I spoke to one GT-R owner a while ago who was quoted 2k with a specialist despite having years of experience in GT-Rs. It is a lottery.

I'm calling more brokers just to see what my options are as I really want to dump Admiral.


----------



## jrattan (Oct 23, 2014)

I call brokers, know how they deal with these things as I work with UWs daily. But I couldn't get anything below £3k for a C63 and GTR. Admiral are similar to what you're paying for me too. I have CCTV, garage parking, gated residence, but it's all trivial really.

I like my Stage1, think it's enough power for my use (as I don't track it). I don't want to mod further as I don't think the enjoyment will benefit me enough, it's fun enough for me already, I'm no F1 driver. 
£200 extra with admiral? £200 isn't bad at all. I think you need several cars and drivers for those broker quotes to come in reasonable.

Can you not enforce your 14 day cooling off period? as in, say you want to cancel then retake a policy? If they won't amend it for you


----------



## Blade1 (Aug 17, 2011)

Hmm that is an idea.

I will just do the engineers report thing, but it would help if they could tell me what would qualify. It felt as if they were making it u as they go along.

For an insurer, what would qualify as an engineer's report? I have seen reports that cost £800 (elite vehicle inspections are one).

I am sure if I call Admiral again with mods I will get the £200 extra line, lol. They really don't have a clue.


----------



## Imran (May 6, 2017)

Try pace Ward. They were coming out at about £1200 but that was with a standard car. Just FYI it's cheaper to park on the drive than in a garage.


----------



## jrattan (Oct 23, 2014)

I'm not 100% sure as I don't work for them and haven't been asked. It's also something they're doing off their own back rather than an industry standard. Most insurers take the policyholders info as given, some require pics, and some require even more info, admiral are doing the latter it seems. 

I'd hope it's literally just a couple of lines from a garage saying this is a standard car. 
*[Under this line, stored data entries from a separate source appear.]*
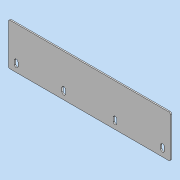
# Autodesk Inventor part: Scraper_Bar_Flat
Saved by Autodesk Inventor 2020 (Build 240168000, 168)
## iProperties
Created: 2021-06-14
Part Number: Scraper_Bar_Flat
Material: Generic
Document SubType Name: Modeling
Designer: magnarecta
Density: 1 g/cm^3
Appearance: Default
Author: magnarecta
Autodesk Inventor part; units mm, degrees
ref_plane "YZ Plane" through (0, 0, 0) normal (1, 0, 0) x (0, 1, 0)
ref_plane "XZ Plane" through (0, 0, 0) normal (0, 1, 0) x (-1, 0, 0)
ref_plane "XY Plane" through (0, 0, 0) normal (0, 0, 1) x (1, 0, 0)
sketch "スケッチ1" plane through (0, 0, 0) normal (0, 0, 1) x (1, 0, 0)
  line L0 (135.25, -40.8489) -> (135.25, -45.8489)
  arc A0 (130.75, -45.8489) -> (135.25, -45.8489) centre (133, -45.8489) ccw
  line L1 (130.75, -45.8489) -> (130.75, -40.8489)
  arc A1 (135.25, -40.8489) -> (130.75, -40.8489) centre (133, -40.8489) ccw
  line L2 (70.25, -40.8489) -> (70.25, -45.8489)
  arc A2 (65.75, -45.8489) -> (70.25, -45.8489) centre (68, -45.8489) ccw
  line L3 (65.75, -45.8489) -> (65.75, -40.8489)
  arc A3 (70.25, -40.8489) -> (65.75, -40.8489) centre (68, -40.8489) ccw
  line L4 (195.25, -40.8489) -> (195.25, -45.8489)
  arc A4 (190.75, -45.8489) -> (195.25, -45.8489) centre (193, -45.8489) ccw
  line L5 (190.75, -45.8489) -> (190.75, -40.8489)
  arc A5 (195.25, -40.8489) -> (190.75, -40.8489) centre (193, -40.8489) ccw
  line L6 (5.75, -45.8489) -> (5.75, -40.8489)
  arc A6 (10.25, -40.8489) -> (5.75, -40.8489) centre (8, -40.8489) ccw
  line L7 (10.25, -40.8489) -> (10.25, -45.8489)
  arc A7 (5.75, -45.8489) -> (10.25, -45.8489) centre (8, -45.8489) ccw
  arc A8 (203, -2) -> (201, 0) centre (201, -2) ccw
  line L8 (0, 0) -> (201, 0)
  arc A9 (0, 0) -> (-2, -2) centre (0, -2) ccw
  line L9 (-2, -51.3489) -> (-2, -2)
  arc A10 (-2, -51.3489) -> (0, -53.3489) centre (0, -51.3489) ccw
  line L10 (201, -53.3489) -> (0, -53.3489)
  arc A11 (201, -53.3489) -> (203, -51.3489) centre (201, -51.3489) ccw
  line L11 (203, -2) -> (203, -51.3489)
  constraints: 24 end point, 24 point on circle, 12 centre point
extrude "押し出し1" add sketch "スケッチ1" along normal blind 1.6

It would be interesting to phone up as a 'new customer' and ask what they require to make sure it's the same across the board. So if you have a friend who's looking to buy a GTR maybe get them to call and see if they require proof as a standard thing now


----------



## Blade1 (Aug 17, 2011)

Imran said:


> Try pace Ward. They were coming out at about £1200 but that was with a standard car. Just FYI it's cheaper to park on the drive than in a garage.


Yep car is on drive. I will try them, I think I did call them once before but they weren't competitive.


----------



## Blade1 (Aug 17, 2011)

jrattan said:


> I'm not 100% sure as I don't work for them and haven't been asked. It's also something they're doing off their own back rather than an industry standard. Most insurers take the policyholders info as given, some require pics, and some require even more info, admiral are doing the latter it seems.
> 
> I'd hope it's literally just a couple of lines from a garage saying this is a standard car.
> 
> It would be interesting to phone up as a 'new customer' and ask what they require to make sure it's the same across the board. So if you have a friend who's looking to buy a GTR maybe get them to call and see if they require proof as a standard thing now


I think this is an isolated case as I played with mods on the quote with the same car/plate.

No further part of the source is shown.